(Task to carry out): From the line with "extrude(amount=-CUT_EXTRUDE7_DEPTH, mode=Mode.SUBTRACT)" through the line with "extrude(amount=-BOSS_EXTRUDE3_DEPTH)", repeat the entries verbatim, both end lines included, and add nothing.

Stored entries:
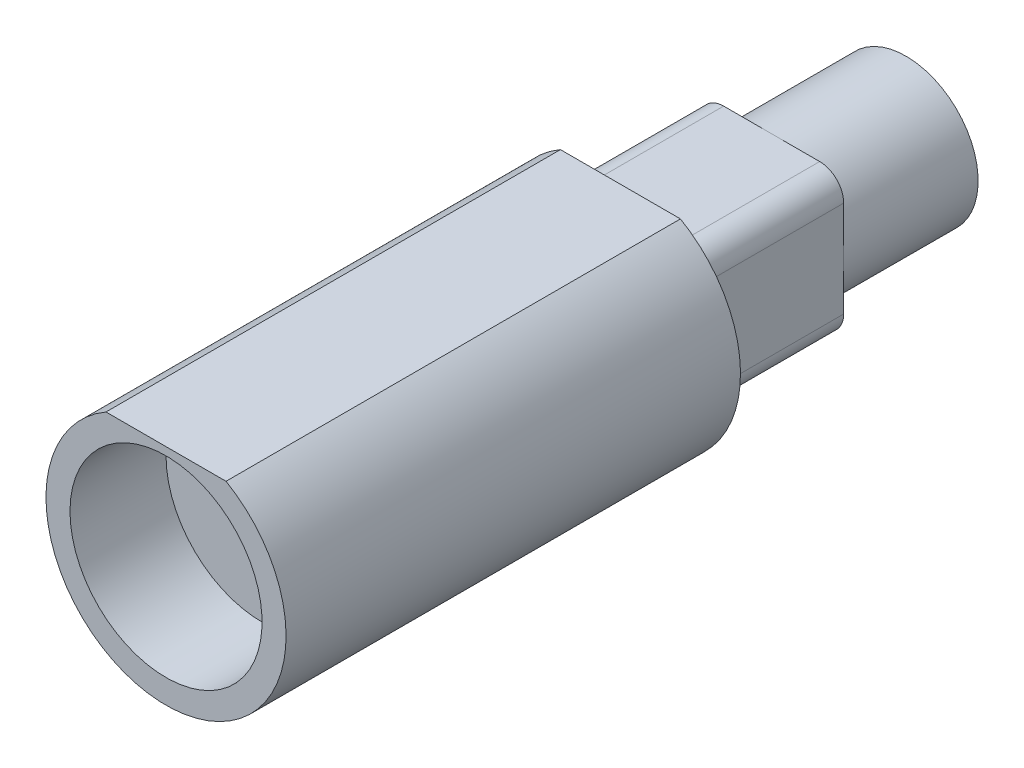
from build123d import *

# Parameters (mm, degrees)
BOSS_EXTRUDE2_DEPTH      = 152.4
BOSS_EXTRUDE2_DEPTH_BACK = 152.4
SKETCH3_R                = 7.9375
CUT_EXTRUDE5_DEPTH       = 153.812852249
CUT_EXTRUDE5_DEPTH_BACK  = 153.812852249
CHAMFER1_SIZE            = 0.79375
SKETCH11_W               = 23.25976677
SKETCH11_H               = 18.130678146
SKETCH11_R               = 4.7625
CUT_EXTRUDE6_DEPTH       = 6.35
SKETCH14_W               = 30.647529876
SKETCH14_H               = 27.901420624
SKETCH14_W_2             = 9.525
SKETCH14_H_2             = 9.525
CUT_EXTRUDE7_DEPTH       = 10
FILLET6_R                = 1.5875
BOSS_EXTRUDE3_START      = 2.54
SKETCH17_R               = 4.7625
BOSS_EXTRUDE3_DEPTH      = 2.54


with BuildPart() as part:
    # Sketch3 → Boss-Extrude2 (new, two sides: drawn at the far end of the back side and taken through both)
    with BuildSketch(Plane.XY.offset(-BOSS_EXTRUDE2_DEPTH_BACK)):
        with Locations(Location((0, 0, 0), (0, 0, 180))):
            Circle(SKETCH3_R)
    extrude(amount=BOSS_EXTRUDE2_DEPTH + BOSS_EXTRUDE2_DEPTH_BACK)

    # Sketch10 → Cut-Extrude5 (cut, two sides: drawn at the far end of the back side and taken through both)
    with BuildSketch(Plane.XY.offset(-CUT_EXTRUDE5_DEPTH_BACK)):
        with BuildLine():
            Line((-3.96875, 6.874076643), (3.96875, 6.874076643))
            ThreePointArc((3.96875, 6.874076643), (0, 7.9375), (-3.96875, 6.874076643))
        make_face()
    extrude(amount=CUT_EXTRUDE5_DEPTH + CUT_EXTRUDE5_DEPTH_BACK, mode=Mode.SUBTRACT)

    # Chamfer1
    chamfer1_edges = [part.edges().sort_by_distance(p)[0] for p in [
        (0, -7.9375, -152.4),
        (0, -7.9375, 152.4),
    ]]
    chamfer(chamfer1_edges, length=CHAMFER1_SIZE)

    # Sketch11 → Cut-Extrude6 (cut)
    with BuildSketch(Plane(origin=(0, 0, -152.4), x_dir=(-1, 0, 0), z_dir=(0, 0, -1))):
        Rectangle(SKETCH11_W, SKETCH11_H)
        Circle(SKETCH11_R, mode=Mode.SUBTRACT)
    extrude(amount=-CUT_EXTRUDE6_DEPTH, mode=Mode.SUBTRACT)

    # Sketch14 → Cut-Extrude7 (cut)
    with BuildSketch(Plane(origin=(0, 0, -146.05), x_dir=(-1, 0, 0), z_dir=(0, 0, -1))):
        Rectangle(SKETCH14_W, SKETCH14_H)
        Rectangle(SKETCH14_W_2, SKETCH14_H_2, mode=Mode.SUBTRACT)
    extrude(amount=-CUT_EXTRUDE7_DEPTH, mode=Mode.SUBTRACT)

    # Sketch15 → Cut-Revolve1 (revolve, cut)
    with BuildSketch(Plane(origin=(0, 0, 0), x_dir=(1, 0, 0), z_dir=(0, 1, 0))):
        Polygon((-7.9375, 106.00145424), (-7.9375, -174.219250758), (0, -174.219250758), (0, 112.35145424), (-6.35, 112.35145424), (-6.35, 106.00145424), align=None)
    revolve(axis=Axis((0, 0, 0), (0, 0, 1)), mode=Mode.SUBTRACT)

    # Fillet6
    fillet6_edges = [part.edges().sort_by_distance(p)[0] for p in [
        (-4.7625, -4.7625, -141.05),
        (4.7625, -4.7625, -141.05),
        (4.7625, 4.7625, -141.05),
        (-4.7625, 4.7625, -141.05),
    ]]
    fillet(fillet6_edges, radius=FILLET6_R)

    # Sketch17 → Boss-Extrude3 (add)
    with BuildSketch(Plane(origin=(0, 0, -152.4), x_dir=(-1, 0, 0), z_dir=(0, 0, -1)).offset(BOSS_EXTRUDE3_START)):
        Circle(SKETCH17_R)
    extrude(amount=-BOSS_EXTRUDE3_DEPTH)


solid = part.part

(Finished exercise):
    extrude(amount=-CUT_EXTRUDE7_DEPTH, mode=Mode.SUBTRACT)

    # Sketch15 → Cut-Revolve1 (revolve, cut)
    with BuildSketch(Plane(origin=(0, 0, 0), x_dir=(1, 0, 0), z_dir=(0, 1, 0))):
        Polygon((-7.9375, 106.00145424), (-7.9375, -174.219250758), (0, -174.219250758), (0, 112.35145424), (-6.35, 112.35145424), (-6.35, 106.00145424), align=None)
    revolve(axis=Axis((0, 0, 0), (0, 0, 1)), mode=Mode.SUBTRACT)

    # Fillet6
    fillet6_edges = [part.edges().sort_by_distance(p)[0] for p in [
        (-4.7625, -4.7625, -141.05),
        (4.7625, -4.7625, -141.05),
        (4.7625, 4.7625, -141.05),
        (-4.7625, 4.7625, -141.05),
    ]]
    fillet(fillet6_edges, radius=FILLET6_R)

    # Sketch17 → Boss-Extrude3 (add)
    with BuildSketch(Plane(origin=(0, 0, -152.4), x_dir=(-1, 0, 0), z_dir=(0, 0, -1)).offset(BOSS_EXTRUDE3_START)):
        Circle(SKETCH17_R)
    extrude(amount=-BOSS_EXTRUDE3_DEPTH)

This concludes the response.